Practicality. The candidate should define success metrics that make sense. Conclusions should be actionable: they should solve meaningful business problems. The candidate should possess the mentality to get initial actionable results quickly and iterate, particularly if you are hiring for a product development role.
Attention to detail. The work should be thorough and the presentation should be relatively free from logical and typographical errors. The candidate should notice irregularities in the data and detect and correct for systemic biases. For example, in the case of time series the candidate should account for series cut off by the end of the sample period. Pay particular attention to how the candidate handles missing data.
Performance expected from a new employee. What you see is what you get. The presentation is a very good indication of what the output of a candidate’s first few projects will look like. You can blame performance less than what you’d expect from a new employee on any number of factors, but in practice job applicants put their best foot forward. Make sure the output works for you before proceeding.

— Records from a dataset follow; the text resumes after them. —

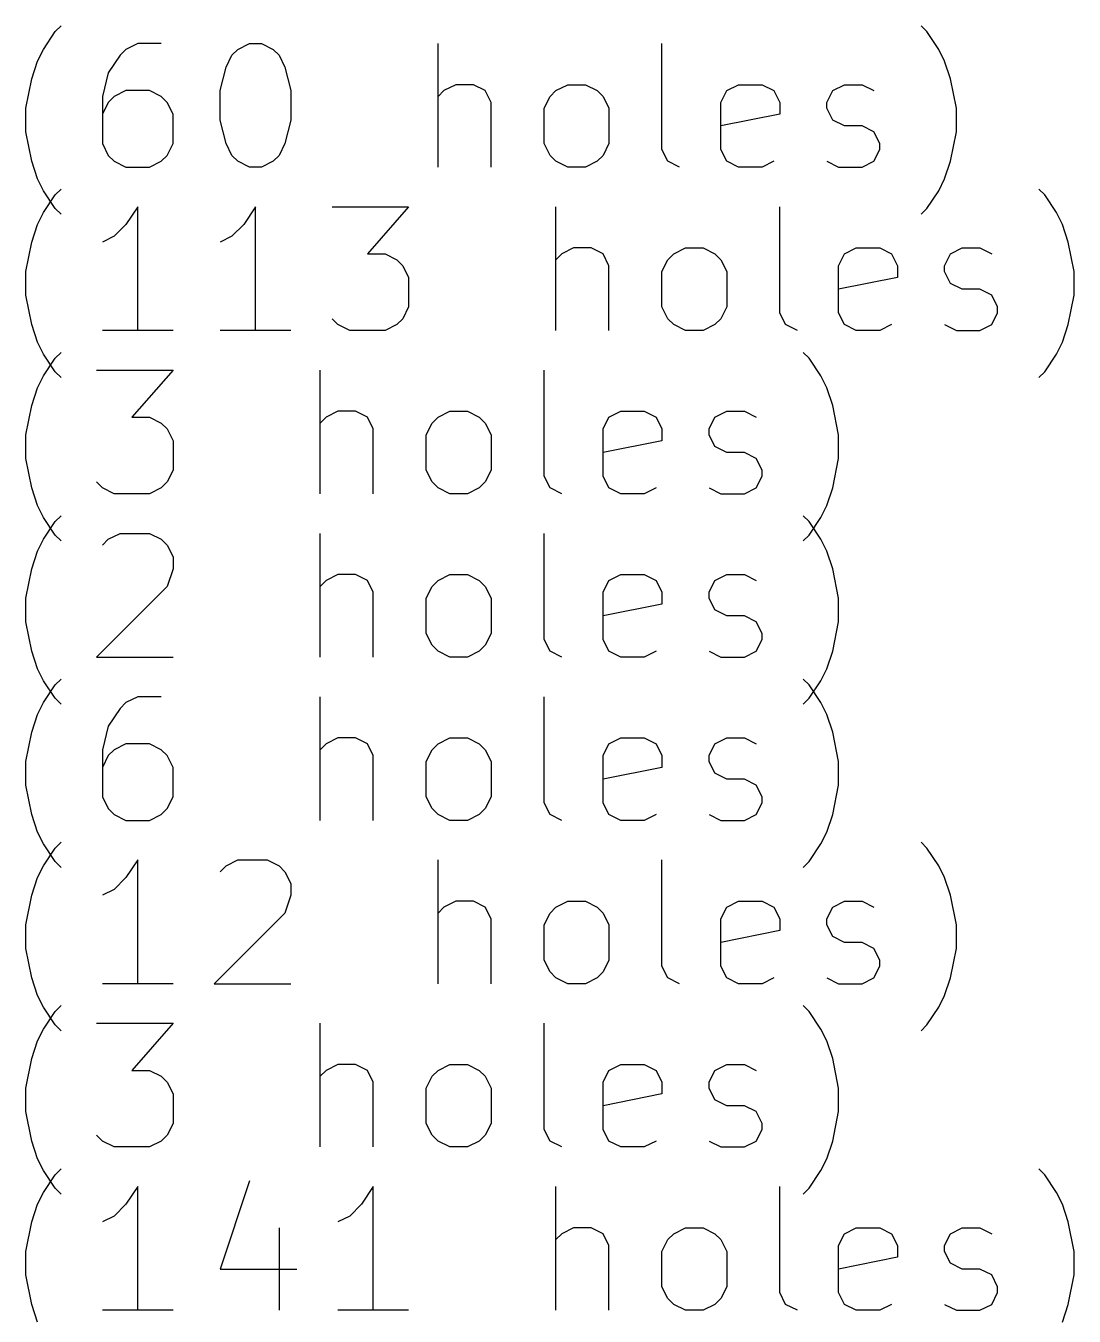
# Model space of a CAD drawing. Extents: x 21 to 125, y -193 to -25.
# Drawn here: x 70.78 to 96.21, y -163.9 to -132.6 of the extents above; entities that cross this region are included whole.
import ezdxf

# ---------------------------------------------------------------- set-up
doc = ezdxf.new("R2010")
doc.units = 0
doc.header["$MEASUREMENT"] = 0
doc.layers.add('BLACK', color=7, linetype='CONTINUOUS')

msp = doc.modelspace()

# ---------------------------------------------------------------- linework, layer by layer
at = {"layer": 'Black'}
for p, q in [((71.4964, -132.746), (71.6393, -132.604)), ((92.6393, -132.746), (92.4964, -132.604)), ((71.2107, -133.175), (71.4964, -132.746)), ((92.925, -133.175), (92.6393, -132.746)), ((71.0679, -133.461), (71.2107, -133.175)), ((73.2107, -133.175), (73.0679, -133.318)), ((73.4964, -133.032), (73.2107, -133.175)), ((74.0679, -133.032), (73.4964, -133.032)), ((75.7821, -133.318), (75.925, -133.175)), ((75.925, -133.175), (76.2107, -133.032)), ((76.2107, -133.032), (76.4964, -133.032)), ((76.4964, -133.032), (76.7821, -133.175)), ((76.7821, -133.175), (76.925, -133.318)), ((80.7821, -136.032), (80.7821, -133.032)), ((86.2107, -135.604), (86.2107, -133.032)), ((93.0679, -133.461), (92.925, -133.175)), ((70.925, -133.889), (71.0679, -133.461)), ((73.0679, -133.318), (72.7821, -133.746)), ((75.4964, -134.175), (75.6393, -133.604)), ((75.6393, -133.604), (75.7821, -133.318)), ((76.925, -133.318), (77.0679, -133.604)), ((77.0679, -133.604), (77.2107, -134.175)), ((93.2107, -133.889), (93.0679, -133.461)), ((70.7821, -134.604), (70.925, -133.889)), ((72.7821, -133.746), (72.6393, -134.318)), ((93.3536, -134.604), (93.2107, -133.889)), ((73.2107, -134.175), (72.925, -134.318)), ((73.7821, -134.175), (73.2107, -134.175)), ((74.0679, -134.318), (73.7821, -134.175)), ((75.4964, -134.889), (75.4964, -134.175)), ((77.2107, -134.175), (77.2107, -134.889)), ((80.925, -134.175), (80.7821, -134.318)), ((81.2107, -134.032), (80.925, -134.175)), ((81.6393, -134.032), (81.2107, -134.032)), ((81.925, -134.175), (81.6393, -134.032)), ((82.0679, -134.461), (81.925, -134.175)), ((83.4964, -134.318), (83.6393, -134.175)), ((83.6393, -134.175), (83.925, -134.032)), ((83.925, -134.032), (84.3536, -134.032)), ((84.3536, -134.032), (84.6393, -134.175)), ((84.6393, -134.175), (84.7821, -134.318)), ((87.6393, -134.461), (87.7821, -134.175)), ((87.7821, -134.175), (88.0679, -134.032)), ((88.0679, -134.032), (88.6393, -134.032)), ((88.6393, -134.032), (88.925, -134.175)), ((88.925, -134.175), (89.0679, -134.461)), ((90.2107, -134.461), (90.3536, -134.175)), ((90.3536, -134.175), (90.6393, -134.032)), ((90.6393, -134.032), (91.0679, -134.032)), ((91.0679, -134.032), (91.3536, -134.175)), ((72.6393, -134.318), (72.6393, -135.461)), ((72.7821, -134.461), (72.6393, -134.746)), ((72.925, -134.318), (72.7821, -134.461)), ((74.2107, -134.461), (74.0679, -134.318)), ((74.3536, -134.746), (74.2107, -134.461)), ((82.0679, -136.032), (82.0679, -134.461)), ((83.3536, -134.604), (83.4964, -134.318)), ((84.7821, -134.318), (84.925, -134.604)), ((87.6393, -135.604), (87.6393, -134.461)), ((89.0679, -134.461), (89.0679, -134.746)), ((90.2107, -134.604), (90.2107, -134.461)), ((70.7821, -135.175), (70.7821, -134.604)), ((74.3536, -135.461), (74.3536, -134.746)), ((83.3536, -135.461), (83.3536, -134.604)), ((84.925, -134.604), (84.925, -135.461)), ((89.0679, -134.746), (87.6393, -135.032)), ((90.3536, -134.889), (90.2107, -134.604)), ((93.3536, -135.175), (93.3536, -134.604)), ((70.925, -135.889), (70.7821, -135.175)), ((75.6393, -135.461), (75.4964, -134.889)), ((77.2107, -134.889), (77.0679, -135.461)), ((90.6393, -135.032), (90.3536, -134.889)), ((91.0679, -135.032), (90.6393, -135.032)), ((91.3536, -135.175), (91.0679, -135.032)), ((91.4964, -135.461), (91.3536, -135.175)), ((93.2107, -135.889), (93.3536, -135.175)), ((72.6393, -135.461), (72.7821, -135.746)), ((74.2107, -135.746), (74.3536, -135.461)), ((75.7821, -135.746), (75.6393, -135.461)), ((77.0679, -135.461), (76.925, -135.746)), ((83.4964, -135.746), (83.3536, -135.461)), ((84.925, -135.461), (84.7821, -135.746)), ((91.4964, -135.604), (91.4964, -135.461)), ((72.7821, -135.746), (72.925, -135.889)), ((74.0679, -135.889), (74.2107, -135.746)), ((75.925, -135.889), (75.7821, -135.746)), ((76.925, -135.746), (76.7821, -135.889)), ((83.6393, -135.889), (83.4964, -135.746)), ((84.7821, -135.746), (84.6393, -135.889)), ((86.3536, -135.889), (86.2107, -135.604)), ((87.7821, -135.889), (87.6393, -135.604)), ((91.3536, -135.889), (91.4964, -135.604)), ((71.0679, -136.318), (70.925, -135.889)), ((72.925, -135.889), (73.2107, -136.032)), ((73.2107, -136.032), (73.7821, -136.032)), ((73.7821, -136.032), (74.0679, -135.889)), ((76.2107, -136.032), (75.925, -135.889)), ((76.4964, -136.032), (76.2107, -136.032)), ((76.7821, -135.889), (76.4964, -136.032)), ((83.925, -136.032), (83.6393, -135.889)), ((84.3536, -136.032), (83.925, -136.032)), ((84.6393, -135.889), (84.3536, -136.032)), ((86.6393, -136.032), (86.3536, -135.889)), ((88.0679, -136.032), (87.7821, -135.889)), ((88.6393, -136.032), (88.0679, -136.032)), ((88.925, -135.889), (88.6393, -136.032)), ((90.2107, -135.889), (90.4964, -136.032)), ((90.4964, -136.032), (91.0679, -136.032)), ((91.0679, -136.032), (91.3536, -135.889)), ((93.0679, -136.318), (93.2107, -135.889)), ((71.2107, -136.604), (71.0679, -136.318)), ((92.925, -136.604), (93.0679, -136.318)), ((71.4964, -137.032), (71.2107, -136.604)), ((71.2107, -137.135), (71.4964, -136.706)), ((71.4964, -136.706), (71.6393, -136.564)), ((92.6393, -137.032), (92.925, -136.604)), ((95.4964, -136.706), (95.3536, -136.564)), ((95.7821, -137.135), (95.4964, -136.706)), ((71.6393, -137.175), (71.4964, -137.032)), ((73.4964, -136.992), (73.2107, -137.421)), ((73.4964, -139.992), (73.4964, -136.992)), ((76.3536, -136.992), (76.0679, -137.421)), ((76.3536, -139.992), (76.3536, -136.992)), ((78.2107, -136.992), (80.0679, -136.992)), ((80.0679, -136.992), (79.0679, -138.135)), ((83.6393, -139.992), (83.6393, -136.992)), ((89.0679, -139.564), (89.0679, -136.992)), ((92.4964, -137.175), (92.6393, -137.032)), ((71.0679, -137.421), (71.2107, -137.135)), ((95.925, -137.421), (95.7821, -137.135)), ((70.925, -137.849), (71.0679, -137.421)), ((73.2107, -137.421), (72.925, -137.706)), ((76.0679, -137.421), (75.7821, -137.706)), ((96.0679, -137.849), (95.925, -137.421)), ((70.7821, -138.564), (70.925, -137.849)), ((72.925, -137.706), (72.6393, -137.849)), ((75.7821, -137.706), (75.4964, -137.849)), ((84.0679, -137.992), (83.7821, -138.135)), ((84.4964, -137.992), (84.0679, -137.992)), ((84.7821, -138.135), (84.4964, -137.992)), ((86.4964, -138.135), (86.7821, -137.992)), ((86.7821, -137.992), (87.2107, -137.992)), ((87.2107, -137.992), (87.4964, -138.135)), ((90.6393, -138.135), (90.925, -137.992)), ((90.925, -137.992), (91.4964, -137.992)), ((91.4964, -137.992), (91.7821, -138.135)), ((93.2107, -138.135), (93.4964, -137.992)), ((93.4964, -137.992), (93.925, -137.992)), ((93.925, -137.992), (94.2107, -138.135)), ((96.2107, -138.564), (96.0679, -137.849)), ((79.0679, -138.135), (79.4964, -138.135)), ((79.4964, -138.135), (79.7821, -138.278)), ((79.7821, -138.278), (79.925, -138.421)), ((83.7821, -138.135), (83.6393, -138.278)), ((84.925, -138.421), (84.7821, -138.135)), ((86.2107, -138.564), (86.3536, -138.278)), ((86.3536, -138.278), (86.4964, -138.135)), ((87.4964, -138.135), (87.6393, -138.278)), ((87.6393, -138.278), (87.7821, -138.564)), ((90.4964, -138.421), (90.6393, -138.135)), ((91.7821, -138.135), (91.925, -138.421)), ((93.0679, -138.421), (93.2107, -138.135)), ((70.7821, -139.135), (70.7821, -138.564)), ((79.925, -138.421), (80.0679, -138.706)), ((84.925, -139.992), (84.925, -138.421)), ((86.2107, -139.421), (86.2107, -138.564)), ((87.7821, -138.564), (87.7821, -139.421)), ((90.4964, -139.564), (90.4964, -138.421)), ((91.925, -138.421), (91.925, -138.706)), ((93.0679, -138.564), (93.0679, -138.421)), ((93.2107, -138.849), (93.0679, -138.564)), ((96.2107, -139.135), (96.2107, -138.564)), ((80.0679, -138.706), (80.0679, -139.421)), ((91.925, -138.706), (90.4964, -138.992)), ((93.4964, -138.992), (93.2107, -138.849)), ((70.925, -139.849), (70.7821, -139.135)), ((93.925, -138.992), (93.4964, -138.992)), ((94.2107, -139.135), (93.925, -138.992)), ((94.3536, -139.421), (94.2107, -139.135)), ((96.0679, -139.849), (96.2107, -139.135)), ((80.0679, -139.421), (79.925, -139.706)), ((86.3536, -139.706), (86.2107, -139.421)), ((87.7821, -139.421), (87.6393, -139.706)), ((94.3536, -139.564), (94.3536, -139.421)), ((71.0679, -140.278), (70.925, -139.849)), ((78.3536, -139.849), (78.2107, -139.706)), ((78.6393, -139.992), (78.3536, -139.849)), ((79.7821, -139.849), (79.4964, -139.992)), ((79.925, -139.706), (79.7821, -139.849)), ((86.4964, -139.849), (86.3536, -139.706)), ((86.7821, -139.992), (86.4964, -139.849)), ((87.4964, -139.849), (87.2107, -139.992)), ((87.6393, -139.706), (87.4964, -139.849)), ((89.2107, -139.849), (89.0679, -139.564)), ((89.4964, -139.992), (89.2107, -139.849)), ((90.6393, -139.849), (90.4964, -139.564)), ((90.925, -139.992), (90.6393, -139.849)), ((91.7821, -139.849), (91.4964, -139.992)), ((93.0679, -139.849), (93.3536, -139.992)), ((93.925, -139.992), (94.2107, -139.849)), ((94.2107, -139.849), (94.3536, -139.564)), ((95.925, -140.278), (96.0679, -139.849)), ((74.3536, -139.992), (72.6393, -139.992)), ((77.2107, -139.992), (75.4964, -139.992)), ((79.4964, -139.992), (78.6393, -139.992)), ((87.2107, -139.992), (86.7821, -139.992)), ((91.4964, -139.992), (90.925, -139.992)), ((93.3536, -139.992), (93.925, -139.992)), ((71.2107, -140.564), (71.0679, -140.278)), ((95.7821, -140.564), (95.925, -140.278)), ((71.4964, -140.992), (71.2107, -140.564)), ((71.2107, -141.095), (71.4964, -140.666)), ((71.4964, -140.666), (71.6393, -140.524)), ((89.7821, -140.666), (89.6393, -140.524)), ((90.0679, -141.095), (89.7821, -140.666)), ((95.4964, -140.992), (95.7821, -140.564)), ((71.0679, -141.381), (71.2107, -141.095)), ((71.6393, -141.135), (71.4964, -140.992)), ((72.4964, -140.952), (74.3536, -140.952)), ((74.3536, -140.952), (73.3536, -142.095)), ((77.925, -143.952), (77.925, -140.952)), ((83.3536, -143.524), (83.3536, -140.952)), ((90.2107, -141.381), (90.0679, -141.095)), ((95.3536, -141.135), (95.4964, -140.992)), ((70.925, -141.809), (71.0679, -141.381)), ((90.3536, -141.809), (90.2107, -141.381)), ((70.7821, -142.524), (70.925, -141.809)), ((78.3536, -141.952), (78.0679, -142.095)), ((78.7821, -141.952), (78.3536, -141.952)), ((79.0679, -142.095), (78.7821, -141.952)), ((80.7821, -142.095), (81.0679, -141.952)), ((81.0679, -141.952), (81.4964, -141.952)), ((81.4964, -141.952), (81.7821, -142.095)), ((84.925, -142.095), (85.2107, -141.952)), ((85.2107, -141.952), (85.7821, -141.952)), ((85.7821, -141.952), (86.0679, -142.095)), ((87.4964, -142.095), (87.7821, -141.952)), ((87.7821, -141.952), (88.2107, -141.952)), ((88.2107, -141.952), (88.4964, -142.095)), ((90.4964, -142.524), (90.3536, -141.809)), ((73.3536, -142.095), (73.7821, -142.095)), ((73.7821, -142.095), (74.0679, -142.238)), ((74.0679, -142.238), (74.2107, -142.381)), ((78.0679, -142.095), (77.925, -142.238)), ((79.2107, -142.381), (79.0679, -142.095)), ((80.4964, -142.524), (80.6393, -142.238)), ((80.6393, -142.238), (80.7821, -142.095)), ((81.7821, -142.095), (81.925, -142.238)), ((81.925, -142.238), (82.0679, -142.524)), ((84.7821, -142.381), (84.925, -142.095)), ((86.0679, -142.095), (86.2107, -142.381)), ((87.3536, -142.381), (87.4964, -142.095)), ((70.7821, -143.095), (70.7821, -142.524)), ((74.2107, -142.381), (74.3536, -142.666)), ((74.3536, -142.666), (74.3536, -143.381)), ((79.2107, -143.952), (79.2107, -142.381)), ((80.4964, -143.381), (80.4964, -142.524)), ((82.0679, -142.524), (82.0679, -143.381)), ((84.7821, -143.524), (84.7821, -142.381)), ((86.2107, -142.666), (84.7821, -142.952)), ((86.2107, -142.381), (86.2107, -142.666)), ((87.3536, -142.524), (87.3536, -142.381)), ((87.4964, -142.809), (87.3536, -142.524)), ((90.4964, -143.095), (90.4964, -142.524)), ((87.7821, -142.952), (87.4964, -142.809)), ((88.2107, -142.952), (87.7821, -142.952)), ((88.4964, -143.095), (88.2107, -142.952)), ((70.925, -143.809), (70.7821, -143.095)), ((88.6393, -143.381), (88.4964, -143.095)), ((90.3536, -143.809), (90.4964, -143.095)), ((74.3536, -143.381), (74.2107, -143.666)), ((80.6393, -143.666), (80.4964, -143.381)), ((82.0679, -143.381), (81.925, -143.666)), ((83.4964, -143.809), (83.3536, -143.524)), ((84.925, -143.809), (84.7821, -143.524)), ((88.4964, -143.809), (88.6393, -143.524)), ((88.6393, -143.524), (88.6393, -143.381)), ((71.0679, -144.238), (70.925, -143.809)), ((72.6393, -143.809), (72.4964, -143.666)), ((72.925, -143.952), (72.6393, -143.809)), ((74.0679, -143.809), (73.7821, -143.952)), ((74.2107, -143.666), (74.0679, -143.809)), ((80.7821, -143.809), (80.6393, -143.666)), ((81.0679, -143.952), (80.7821, -143.809)), ((81.7821, -143.809), (81.4964, -143.952)), ((81.925, -143.666), (81.7821, -143.809)), ((83.7821, -143.952), (83.4964, -143.809)), ((85.2107, -143.952), (84.925, -143.809)), ((86.0679, -143.809), (85.7821, -143.952)), ((87.3536, -143.809), (87.6393, -143.952)), ((88.2107, -143.952), (88.4964, -143.809)), ((90.2107, -144.238), (90.3536, -143.809)), ((71.2107, -144.524), (71.0679, -144.238)), ((73.7821, -143.952), (72.925, -143.952)), ((81.4964, -143.952), (81.0679, -143.952)), ((85.7821, -143.952), (85.2107, -143.952)), ((87.6393, -143.952), (88.2107, -143.952)), ((90.0679, -144.524), (90.2107, -144.238)), ((71.4964, -144.952), (71.2107, -144.524)), ((71.4964, -144.626), (71.6393, -144.484)), ((89.7821, -144.626), (89.6393, -144.484)), ((89.7821, -144.952), (90.0679, -144.524)), ((71.2107, -145.055), (71.4964, -144.626)), ((90.0679, -145.055), (89.7821, -144.626)), ((71.0679, -145.341), (71.2107, -145.055)), ((71.6393, -145.095), (71.4964, -144.952)), ((72.6393, -145.198), (72.7821, -145.055)), ((72.7821, -145.055), (73.0679, -144.912)), ((73.0679, -144.912), (73.7821, -144.912)), ((73.7821, -144.912), (74.0679, -145.055)), ((74.0679, -145.055), (74.2107, -145.198)), ((77.925, -147.912), (77.925, -144.912)), ((83.3536, -147.484), (83.3536, -144.912)), ((89.6393, -145.095), (89.7821, -144.952)), ((90.2107, -145.341), (90.0679, -145.055)), ((70.925, -145.769), (71.0679, -145.341)), ((74.2107, -145.198), (74.3536, -145.484)), ((74.3536, -145.484), (74.3536, -145.769)), ((90.3536, -145.769), (90.2107, -145.341)), ((70.7821, -146.484), (70.925, -145.769)), ((74.3536, -145.769), (74.2107, -146.198)), ((90.4964, -146.484), (90.3536, -145.769)), ((78.0679, -146.055), (77.925, -146.198)), ((78.3536, -145.912), (78.0679, -146.055)), ((78.7821, -145.912), (78.3536, -145.912)), ((79.0679, -146.055), (78.7821, -145.912)), ((79.2107, -146.341), (79.0679, -146.055)), ((80.6393, -146.198), (80.7821, -146.055)), ((80.7821, -146.055), (81.0679, -145.912)), ((81.0679, -145.912), (81.4964, -145.912)), ((81.4964, -145.912), (81.7821, -146.055)), ((81.7821, -146.055), (81.925, -146.198)), ((84.7821, -146.341), (84.925, -146.055)), ((84.925, -146.055), (85.2107, -145.912)), ((85.2107, -145.912), (85.7821, -145.912)), ((85.7821, -145.912), (86.0679, -146.055)), ((86.0679, -146.055), (86.2107, -146.341)), ((87.3536, -146.341), (87.4964, -146.055)), ((87.4964, -146.055), (87.7821, -145.912)), ((87.7821, -145.912), (88.2107, -145.912)), ((88.2107, -145.912), (88.4964, -146.055)), ((74.2107, -146.198), (72.4964, -147.912)), ((79.2107, -147.912), (79.2107, -146.341)), ((80.4964, -146.484), (80.6393, -146.198)), ((81.925, -146.198), (82.0679, -146.484)), ((84.7821, -147.484), (84.7821, -146.341)), ((86.2107, -146.341), (86.2107, -146.626)), ((87.3536, -146.484), (87.3536, -146.341)), ((70.7821, -147.055), (70.7821, -146.484)), ((80.4964, -147.341), (80.4964, -146.484)), ((82.0679, -146.484), (82.0679, -147.341)), ((86.2107, -146.626), (84.7821, -146.912)), ((87.4964, -146.769), (87.3536, -146.484)), ((90.4964, -147.055), (90.4964, -146.484)), ((70.925, -147.769), (70.7821, -147.055)), ((87.7821, -146.912), (87.4964, -146.769)), ((88.2107, -146.912), (87.7821, -146.912)), ((88.4964, -147.055), (88.2107, -146.912)), ((88.6393, -147.341), (88.4964, -147.055)), ((90.3536, -147.769), (90.4964, -147.055)), ((80.6393, -147.626), (80.4964, -147.341)), ((82.0679, -147.341), (81.925, -147.626)), ((88.6393, -147.484), (88.6393, -147.341)), ((80.7821, -147.769), (80.6393, -147.626)), ((81.925, -147.626), (81.7821, -147.769)), ((83.4964, -147.769), (83.3536, -147.484)), ((84.925, -147.769), (84.7821, -147.484)), ((88.4964, -147.769), (88.6393, -147.484)), ((71.0679, -148.198), (70.925, -147.769)), ((72.4964, -147.912), (74.3536, -147.912)), ((81.0679, -147.912), (80.7821, -147.769)), ((81.4964, -147.912), (81.0679, -147.912)), ((81.7821, -147.769), (81.4964, -147.912)), ((83.7821, -147.912), (83.4964, -147.769)), ((85.2107, -147.912), (84.925, -147.769)), ((85.7821, -147.912), (85.2107, -147.912)), ((86.0679, -147.769), (85.7821, -147.912)), ((87.3536, -147.769), (87.6393, -147.912)), ((87.6393, -147.912), (88.2107, -147.912)), ((88.2107, -147.912), (88.4964, -147.769)), ((90.2107, -148.198), (90.3536, -147.769)), ((71.2107, -148.484), (71.0679, -148.198)), ((90.0679, -148.484), (90.2107, -148.198)), ((71.4964, -148.912), (71.2107, -148.484)), ((71.2107, -149.015), (71.4964, -148.586)), ((71.4964, -148.586), (71.6393, -148.444)), ((89.7821, -148.586), (89.6393, -148.444)), ((89.7821, -148.912), (90.0679, -148.484)), ((90.0679, -149.015), (89.7821, -148.586)), ((71.6393, -149.055), (71.4964, -148.912)), ((73.4964, -148.872), (73.2107, -149.015)), ((74.0679, -148.872), (73.4964, -148.872)), ((77.925, -151.872), (77.925, -148.872)), ((83.3536, -151.444), (83.3536, -148.872)), ((89.6393, -149.055), (89.7821, -148.912)), ((71.0679, -149.301), (71.2107, -149.015)), ((73.0679, -149.158), (72.7821, -149.586)), ((73.2107, -149.015), (73.0679, -149.158)), ((90.2107, -149.301), (90.0679, -149.015)), ((70.925, -149.729), (71.0679, -149.301)), ((90.3536, -149.729), (90.2107, -149.301)), ((70.7821, -150.444), (70.925, -149.729)), ((72.7821, -149.586), (72.6393, -150.158)), ((78.3536, -149.872), (78.0679, -150.015)), ((78.7821, -149.872), (78.3536, -149.872)), ((79.0679, -150.015), (78.7821, -149.872)), ((80.7821, -150.015), (81.0679, -149.872)), ((81.0679, -149.872), (81.4964, -149.872)), ((81.4964, -149.872), (81.7821, -150.015)), ((84.925, -150.015), (85.2107, -149.872)), ((85.2107, -149.872), (85.7821, -149.872)), ((85.7821, -149.872), (86.0679, -150.015)), ((87.4964, -150.015), (87.7821, -149.872)), ((87.7821, -149.872), (88.2107, -149.872)), ((88.2107, -149.872), (88.4964, -150.015)), ((90.4964, -150.444), (90.3536, -149.729)), ((72.6393, -150.158), (72.6393, -151.301)), ((72.925, -150.158), (72.7821, -150.301)), ((73.2107, -150.015), (72.925, -150.158)), ((73.7821, -150.015), (73.2107, -150.015)), ((74.0679, -150.158), (73.7821, -150.015)), ((74.2107, -150.301), (74.0679, -150.158)), ((78.0679, -150.015), (77.925, -150.158)), ((79.2107, -150.301), (79.0679, -150.015)), ((80.4964, -150.444), (80.6393, -150.158)), ((80.6393, -150.158), (80.7821, -150.015)), ((81.7821, -150.015), (81.925, -150.158)), ((81.925, -150.158), (82.0679, -150.444)), ((84.7821, -150.301), (84.925, -150.015)), ((86.0679, -150.015), (86.2107, -150.301)), ((87.3536, -150.301), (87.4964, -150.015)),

Wow factor. Finally, expect to be wowed. Taken together, these criteria may seem like a steep order, but keep your expectations sky high. Data scientists who can make a real impact on your business are not junior employees and, to succeed, must excel in many of these areas. Despite the talent shortage, there are still good people on the market. If you have rich data sets and impactful problems, you should be able to attract talent. Just be ready to pay for it.